*** Material for the task Section Begins ***

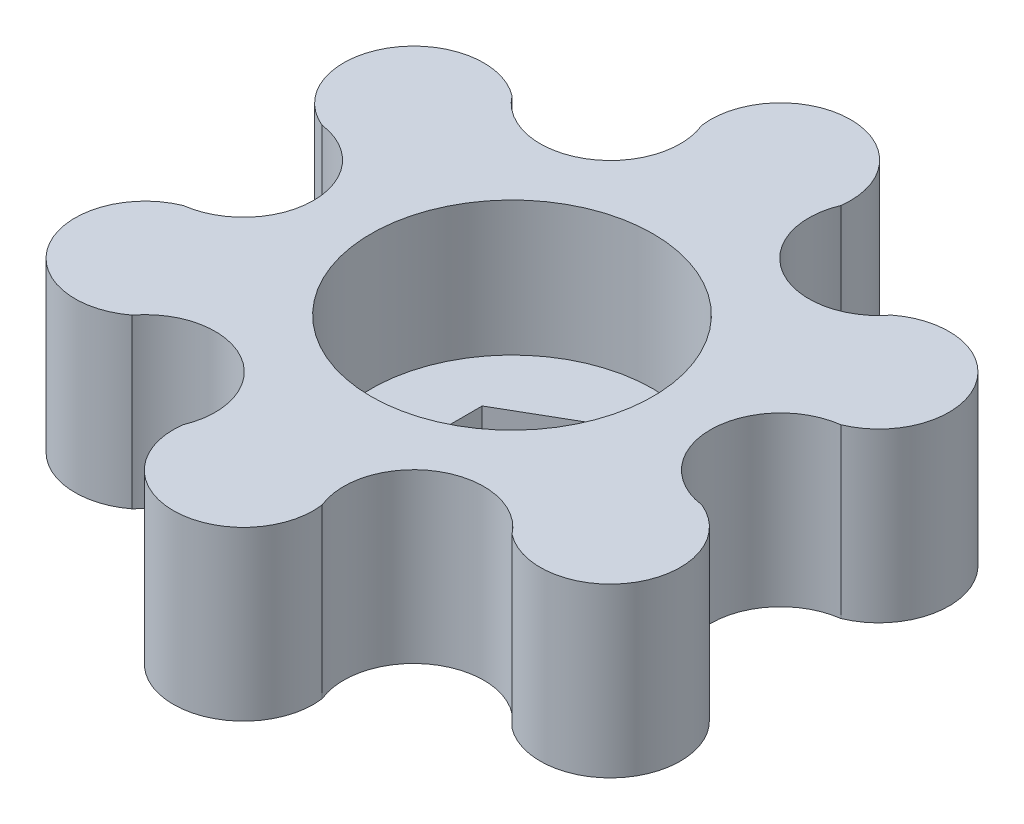
ISO-10303-21;
HEADER;
FILE_DESCRIPTION(('STEP AP214'),'2;1');
FILE_NAME('part.step','',(''),(''),'','','');
FILE_SCHEMA(('AUTOMOTIVE_DESIGN { 1 0 10303 214 1 1 1 1 }'));
ENDSEC;
DATA;
#1=APPLICATION_CONTEXT('core data for automotive mechanical design processes');
#2=APPLICATION_PROTOCOL_DEFINITION('international standard','automotive_design',2000,#1);
#3=PRODUCT_CONTEXT('',#1,'mechanical');
#4=PRODUCT('Part','Part','',(#3));
#5=PRODUCT_RELATED_PRODUCT_CATEGORY('part','',(#4));
#6=PRODUCT_DEFINITION_FORMATION('','',#4);
#7=PRODUCT_DEFINITION_CONTEXT('part definition',#1,'design');
#8=PRODUCT_DEFINITION('design','',#6,#7);
#9=PRODUCT_DEFINITION_SHAPE('','',#8);
#10=(LENGTH_UNIT() NAMED_UNIT(*) SI_UNIT(.MILLI.,.METRE.));
#11=(NAMED_UNIT(*) PLANE_ANGLE_UNIT() SI_UNIT($,.RADIAN.));
#12=(NAMED_UNIT(*) SI_UNIT($,.STERADIAN.) SOLID_ANGLE_UNIT());
#13=UNCERTAINTY_MEASURE_WITH_UNIT(LENGTH_MEASURE(1.E-05),#10,'distance_accuracy_value','');
#14=(GEOMETRIC_REPRESENTATION_CONTEXT(3) GLOBAL_UNCERTAINTY_ASSIGNED_CONTEXT((#13)) GLOBAL_UNIT_ASSIGNED_CONTEXT((#10,
#11,#12)) REPRESENTATION_CONTEXT('',''));
#15=CARTESIAN_POINT('',(0.,0.,0.));
#16=DIRECTION('',(0.,0.,1.));
#17=DIRECTION('',(1.,0.,0.));
#18=AXIS2_PLACEMENT_3D('',#15,#16,#17);
#19=CARTESIAN_POINT('',(0.,5.,0.));
#20=DIRECTION('',(0.,-1.,0.));
#21=DIRECTION('',(0.,0.,-1.));
#22=AXIS2_PLACEMENT_3D('',#19,#20,#21);
#23=CYLINDRICAL_SURFACE('',#22,4.2);
#24=CARTESIAN_POINT('',(0.,5.,0.));
#25=DIRECTION('',(0.,1.,0.));
#26=DIRECTION('',(0.,0.,1.));
#27=AXIS2_PLACEMENT_3D('',#24,#25,#26);
#28=CIRCLE('',#27,4.2);
#29=CARTESIAN_POINT('',(0.,5.,4.2));
#30=VERTEX_POINT('',#29);
#31=EDGE_CURVE('E162',#30,#30,#28,.T.);
#32=ORIENTED_EDGE('',*,*,#31,.T.);
#33=EDGE_LOOP('',(#32));
#34=FACE_BOUND('',#33,.T.);
#35=CARTESIAN_POINT('',(0.,1.,0.));
#36=DIRECTION('',(0.,-1.,0.));
#37=DIRECTION('',(0.,0.,-1.));
#38=AXIS2_PLACEMENT_3D('',#35,#36,#37);
#39=CIRCLE('',#38,4.2);
#40=CARTESIAN_POINT('',(0.,1.,-4.2));
#41=VERTEX_POINT('',#40);
#42=EDGE_CURVE('E431',#41,#41,#39,.T.);
#43=ORIENTED_EDGE('',*,*,#42,.T.);
#44=EDGE_LOOP('',(#43));
#45=FACE_BOUND('',#44,.T.);
#46=ADVANCED_FACE('F33',(#34,#45),#23,.F.);
#47=CARTESIAN_POINT('',(-2.,5.,-7.46410161513775));
#48=DIRECTION('',(0.,1.,0.));
#49=DIRECTION('',(0.,0.,1.));
#50=AXIS2_PLACEMENT_3D('',#47,#48,#49);
#51=PLANE('',#50);
#52=CARTESIAN_POINT('',(-4.00000000000001,5.,-6.92820323027551));
#53=DIRECTION('',(0.,-1.,0.));
#54=DIRECTION('',(0.,0.,1.));
#55=AXIS2_PLACEMENT_3D('',#52,#53,#54);
#56=CIRCLE('',#55,2.08841907552083);
#57=CARTESIAN_POINT('',(-2.07055236082017,5.,-7.72740661031255));
#58=VERTEX_POINT('',#57);
#59=CARTESIAN_POINT('',(-5.65685424949238,5.,-5.65685424949237));
#60=VERTEX_POINT('',#59);
#61=EDGE_CURVE('E181',#58,#60,#56,.T.);
#62=ORIENTED_EDGE('',*,*,#61,.T.);
#63=CARTESIAN_POINT('',(-6.92820323027551,5.,-3.99999999999999));
#64=DIRECTION('',(0.,1.,0.));
#65=DIRECTION('',(0.,0.,1.));
#66=AXIS2_PLACEMENT_3D('',#63,#64,#65);
#67=CIRCLE('',#66,2.08841907552082);
#68=CARTESIAN_POINT('',(-7.72740661031255,5.,-2.07055236082016));
#69=VERTEX_POINT('',#68);
#70=EDGE_CURVE('E106',#60,#69,#67,.T.);
#71=ORIENTED_EDGE('',*,*,#70,.T.);
#72=CARTESIAN_POINT('',(-8.,5.,0.));
#73=DIRECTION('',(0.,-1.,0.));
#74=DIRECTION('',(0.,0.,1.));
#75=AXIS2_PLACEMENT_3D('',#72,#73,#74);
#76=CIRCLE('',#75,2.08841907552083);
#77=CARTESIAN_POINT('',(-7.72740661031255,5.,2.07055236082017));
#78=VERTEX_POINT('',#77);
#79=EDGE_CURVE('E208',#69,#78,#76,.T.);
#80=ORIENTED_EDGE('',*,*,#79,.T.);
#81=CARTESIAN_POINT('',(-6.9282032302755,5.,4.));
#82=DIRECTION('',(0.,1.,0.));
#83=DIRECTION('',(0.,0.,1.));
#84=AXIS2_PLACEMENT_3D('',#81,#82,#83);
#85=CIRCLE('',#84,2.08841907552083);
#86=CARTESIAN_POINT('',(-5.65685424949238,5.,5.65685424949238));
#87=VERTEX_POINT('',#86);
#88=EDGE_CURVE('E227',#78,#87,#85,.T.);
#89=ORIENTED_EDGE('',*,*,#88,.T.);
#90=CARTESIAN_POINT('',(-4.,5.,6.92820323027551));
#91=DIRECTION('',(0.,-1.,0.));
#92=DIRECTION('',(0.,0.,1.));
#93=AXIS2_PLACEMENT_3D('',#90,#91,#92);
#94=CIRCLE('',#93,2.08841907552082);
#95=CARTESIAN_POINT('',(-2.07055236082016,5.,7.72740661031254));
#96=VERTEX_POINT('',#95);
#97=EDGE_CURVE('E224',#87,#96,#94,.T.);
#98=ORIENTED_EDGE('',*,*,#97,.T.);
#99=CARTESIAN_POINT('',(0.,5.,8.));
#100=DIRECTION('',(0.,1.,0.));
#101=DIRECTION('',(0.,0.,1.));
#102=AXIS2_PLACEMENT_3D('',#99,#100,#101);
#103=CIRCLE('',#102,2.08841907552083);
#104=CARTESIAN_POINT('',(2.07055236082017,5.,7.72740661031254));
#105=VERTEX_POINT('',#104);
#106=EDGE_CURVE('E226',#96,#105,#103,.T.);
#107=ORIENTED_EDGE('',*,*,#106,.T.);
#108=CARTESIAN_POINT('',(4.,5.,6.92820323027551));
#109=DIRECTION('',(0.,-1.,0.));
#110=DIRECTION('',(0.,0.,1.));
#111=AXIS2_PLACEMENT_3D('',#108,#109,#110);
#112=CIRCLE('',#111,2.08841907552083);
#113=CARTESIAN_POINT('',(5.65685424949238,5.,5.65685424949238));
#114=VERTEX_POINT('',#113);
#115=EDGE_CURVE('E229',#105,#114,#112,.T.);
#116=ORIENTED_EDGE('',*,*,#115,.T.);
#117=CARTESIAN_POINT('',(6.92820323027551,5.,4.));
#118=DIRECTION('',(0.,1.,0.));
#119=DIRECTION('',(0.,0.,1.));
#120=AXIS2_PLACEMENT_3D('',#117,#118,#119);
#121=CIRCLE('',#120,2.08841907552083);
#122=CARTESIAN_POINT('',(7.72740661031255,5.,2.07055236082016));
#123=VERTEX_POINT('',#122);
#124=EDGE_CURVE('E235',#114,#123,#121,.T.);
#125=ORIENTED_EDGE('',*,*,#124,.T.);
#126=CARTESIAN_POINT('',(8.,5.,0.));
#127=DIRECTION('',(0.,-1.,0.));
#128=DIRECTION('',(0.,0.,1.));
#129=AXIS2_PLACEMENT_3D('',#126,#127,#128);
#130=CIRCLE('',#129,2.08841907552082);
#131=CARTESIAN_POINT('',(7.72740661031255,5.,-2.07055236082017));
#132=VERTEX_POINT('',#131);
#133=EDGE_CURVE('E140',#123,#132,#130,.T.);
#134=ORIENTED_EDGE('',*,*,#133,.T.);
#135=CARTESIAN_POINT('',(6.92820323027551,5.,-4.));
#136=DIRECTION('',(0.,1.,0.));
#137=DIRECTION('',(0.,0.,1.));
#138=AXIS2_PLACEMENT_3D('',#135,#136,#137);
#139=CIRCLE('',#138,2.08841907552083);
#140=CARTESIAN_POINT('',(5.65685424949238,5.,-5.65685424949238));
#141=VERTEX_POINT('',#140);
#142=EDGE_CURVE('E133',#132,#141,#139,.T.);
#143=ORIENTED_EDGE('',*,*,#142,.T.);
#144=CARTESIAN_POINT('',(4.,5.,-6.92820323027551));
#145=DIRECTION('',(0.,-1.,0.));
#146=DIRECTION('',(0.,0.,1.));
#147=AXIS2_PLACEMENT_3D('',#144,#145,#146);
#148=CIRCLE('',#147,2.08841907552082);
#149=CARTESIAN_POINT('',(2.07055236082017,5.,-7.72740661031254));
#150=VERTEX_POINT('',#149);
#151=EDGE_CURVE('E138',#141,#150,#148,.T.);
#152=ORIENTED_EDGE('',*,*,#151,.T.);
#153=CARTESIAN_POINT('',(0.,5.,-8.));
#154=DIRECTION('',(0.,1.,0.));
#155=DIRECTION('',(0.,0.,1.));
#156=AXIS2_PLACEMENT_3D('',#153,#154,#155);
#157=CIRCLE('',#156,2.08841907552083);
#158=EDGE_CURVE('E50',#150,#58,#157,.T.);
#159=ORIENTED_EDGE('',*,*,#158,.T.);
#160=EDGE_LOOP('',(#62,#71,#80,#89,#98,#107,#116,#125,#134,#143,#152,#159));
#161=FACE_BOUND('',#160,.T.);
#162=ORIENTED_EDGE('',*,*,#31,.F.);
#163=EDGE_LOOP('',(#162));
#164=FACE_BOUND('',#163,.T.);
#165=ADVANCED_FACE('F135',(#161,#164),#51,.T.);
#166=CARTESIAN_POINT('',(-2.,0.,-7.46410161513775));
#167=DIRECTION('',(0.,1.,0.));
#168=DIRECTION('',(0.,0.,1.));
#169=AXIS2_PLACEMENT_3D('',#166,#167,#168);
#170=PLANE('',#169);
#171=CARTESIAN_POINT('',(-4.00000000000001,0.,-6.92820323027551));
#172=DIRECTION('',(0.,-1.,0.));
#173=DIRECTION('',(0.,0.,1.));
#174=AXIS2_PLACEMENT_3D('',#171,#172,#173);
#175=CIRCLE('',#174,2.08841907552083);
#176=CARTESIAN_POINT('',(-2.07055236082017,0.,-7.72740661031255));
#177=VERTEX_POINT('',#176);
#178=CARTESIAN_POINT('',(-5.65685424949238,0.,-5.65685424949237));
#179=VERTEX_POINT('',#178);
#180=EDGE_CURVE('E158',#177,#179,#175,.T.);
#181=ORIENTED_EDGE('',*,*,#180,.F.);
#182=CARTESIAN_POINT('',(0.,0.,-8.));
#183=DIRECTION('',(0.,1.,0.));
#184=DIRECTION('',(0.,0.,1.));
#185=AXIS2_PLACEMENT_3D('',#182,#183,#184);
#186=CIRCLE('',#185,2.08841907552083);
#187=CARTESIAN_POINT('',(2.07055236082017,0.,-7.72740661031254));
#188=VERTEX_POINT('',#187);
#189=EDGE_CURVE('E98',#188,#177,#186,.T.);
#190=ORIENTED_EDGE('',*,*,#189,.F.);
#191=CARTESIAN_POINT('',(4.,0.,-6.92820323027551));
#192=DIRECTION('',(0.,-1.,0.));
#193=DIRECTION('',(0.,0.,1.));
#194=AXIS2_PLACEMENT_3D('',#191,#192,#193);
#195=CIRCLE('',#194,2.08841907552082);
#196=CARTESIAN_POINT('',(5.65685424949238,0.,-5.65685424949238));
#197=VERTEX_POINT('',#196);
#198=EDGE_CURVE('E92',#197,#188,#195,.T.);
#199=ORIENTED_EDGE('',*,*,#198,.F.);
#200=CARTESIAN_POINT('',(6.92820323027551,0.,-4.));
#201=DIRECTION('',(0.,1.,0.));
#202=DIRECTION('',(0.,0.,1.));
#203=AXIS2_PLACEMENT_3D('',#200,#201,#202);
#204=CIRCLE('',#203,2.08841907552083);
#205=CARTESIAN_POINT('',(7.72740661031255,0.,-2.07055236082017));
#206=VERTEX_POINT('',#205);
#207=EDGE_CURVE('E148',#206,#197,#204,.T.);
#208=ORIENTED_EDGE('',*,*,#207,.F.);
#209=CARTESIAN_POINT('',(8.,0.,0.));
#210=DIRECTION('',(0.,-1.,0.));
#211=DIRECTION('',(0.,0.,1.));
#212=AXIS2_PLACEMENT_3D('',#209,#210,#211);
#213=CIRCLE('',#212,2.08841907552082);
#214=CARTESIAN_POINT('',(7.72740661031255,0.,2.07055236082016));
#215=VERTEX_POINT('',#214);
#216=EDGE_CURVE('E176',#215,#206,#213,.T.);
#217=ORIENTED_EDGE('',*,*,#216,.F.);
#218=CARTESIAN_POINT('',(6.92820323027551,0.,4.));
#219=DIRECTION('',(0.,1.,0.));
#220=DIRECTION('',(0.,0.,1.));
#221=AXIS2_PLACEMENT_3D('',#218,#219,#220);
#222=CIRCLE('',#221,2.08841907552083);
#223=CARTESIAN_POINT('',(5.65685424949238,0.,5.65685424949238));
#224=VERTEX_POINT('',#223);
#225=EDGE_CURVE('E174',#224,#215,#222,.T.);
#226=ORIENTED_EDGE('',*,*,#225,.F.);
#227=CARTESIAN_POINT('',(4.,0.,6.92820323027551));
#228=DIRECTION('',(0.,-1.,0.));
#229=DIRECTION('',(0.,0.,1.));
#230=AXIS2_PLACEMENT_3D('',#227,#228,#229);
#231=CIRCLE('',#230,2.08841907552083);
#232=CARTESIAN_POINT('',(2.07055236082017,0.,7.72740661031254));
#233=VERTEX_POINT('',#232);
#234=EDGE_CURVE('E172',#233,#224,#231,.T.);
#235=ORIENTED_EDGE('',*,*,#234,.F.);
#236=CARTESIAN_POINT('',(0.,0.,8.));
#237=DIRECTION('',(0.,1.,0.));
#238=DIRECTION('',(0.,0.,1.));
#239=AXIS2_PLACEMENT_3D('',#236,#237,#238);
#240=CIRCLE('',#239,2.08841907552083);
#241=CARTESIAN_POINT('',(-2.07055236082016,0.,7.72740661031254));
#242=VERTEX_POINT('',#241);
#243=EDGE_CURVE('E170',#242,#233,#240,.T.);
#244=ORIENTED_EDGE('',*,*,#243,.F.);
#245=CARTESIAN_POINT('',(-4.,0.,6.92820323027551));
#246=DIRECTION('',(0.,-1.,0.));
#247=DIRECTION('',(0.,0.,1.));
#248=AXIS2_PLACEMENT_3D('',#245,#246,#247);
#249=CIRCLE('',#248,2.08841907552082);
#250=CARTESIAN_POINT('',(-5.65685424949238,0.,5.65685424949238));
#251=VERTEX_POINT('',#250);
#252=EDGE_CURVE('E168',#251,#242,#249,.T.);
#253=ORIENTED_EDGE('',*,*,#252,.F.);
#254=CARTESIAN_POINT('',(-6.9282032302755,0.,4.));
#255=DIRECTION('',(0.,1.,0.));
#256=DIRECTION('',(0.,0.,1.));
#257=AXIS2_PLACEMENT_3D('',#254,#255,#256);
#258=CIRCLE('',#257,2.08841907552083);
#259=CARTESIAN_POINT('',(-7.72740661031255,0.,2.07055236082017));
#260=VERTEX_POINT('',#259);
#261=EDGE_CURVE('E166',#260,#251,#258,.T.);
#262=ORIENTED_EDGE('',*,*,#261,.F.);
#263=CARTESIAN_POINT('',(-8.,0.,0.));
#264=DIRECTION('',(0.,-1.,0.));
#265=DIRECTION('',(0.,0.,1.));
#266=AXIS2_PLACEMENT_3D('',#263,#264,#265);
#267=CIRCLE('',#266,2.08841907552083);
#268=CARTESIAN_POINT('',(-7.72740661031255,0.,-2.07055236082016));
#269=VERTEX_POINT('',#268);
#270=EDGE_CURVE('E164',#269,#260,#267,.T.);
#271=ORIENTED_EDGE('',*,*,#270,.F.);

*** Material for the task Section Ends ***

_To do_
Output the lines of the records above exactly as they appear, from the line containing "#192=DIRECTION('',(0.,-1.,0.));" through the line containing "#211=DIRECTION('',(0.,0.,1.));".

_Answer below_
#192=DIRECTION('',(0.,-1.,0.));
#193=DIRECTION('',(0.,0.,1.));
#194=AXIS2_PLACEMENT_3D('',#191,#192,#193);
#195=CIRCLE('',#194,2.08841907552082);
#196=CARTESIAN_POINT('',(5.65685424949238,0.,-5.65685424949238));
#197=VERTEX_POINT('',#196);
#198=EDGE_CURVE('E92',#197,#188,#195,.T.);
#199=ORIENTED_EDGE('',*,*,#198,.F.);
#200=CARTESIAN_POINT('',(6.92820323027551,0.,-4.));
#201=DIRECTION('',(0.,1.,0.));
#202=DIRECTION('',(0.,0.,1.));
#203=AXIS2_PLACEMENT_3D('',#200,#201,#202);
#204=CIRCLE('',#203,2.08841907552083);
#205=CARTESIAN_POINT('',(7.72740661031255,0.,-2.07055236082017));
#206=VERTEX_POINT('',#205);
#207=EDGE_CURVE('E148',#206,#197,#204,.T.);
#208=ORIENTED_EDGE('',*,*,#207,.F.);
#209=CARTESIAN_POINT('',(8.,0.,0.));
#210=DIRECTION('',(0.,-1.,0.));
#211=DIRECTION('',(0.,0.,1.));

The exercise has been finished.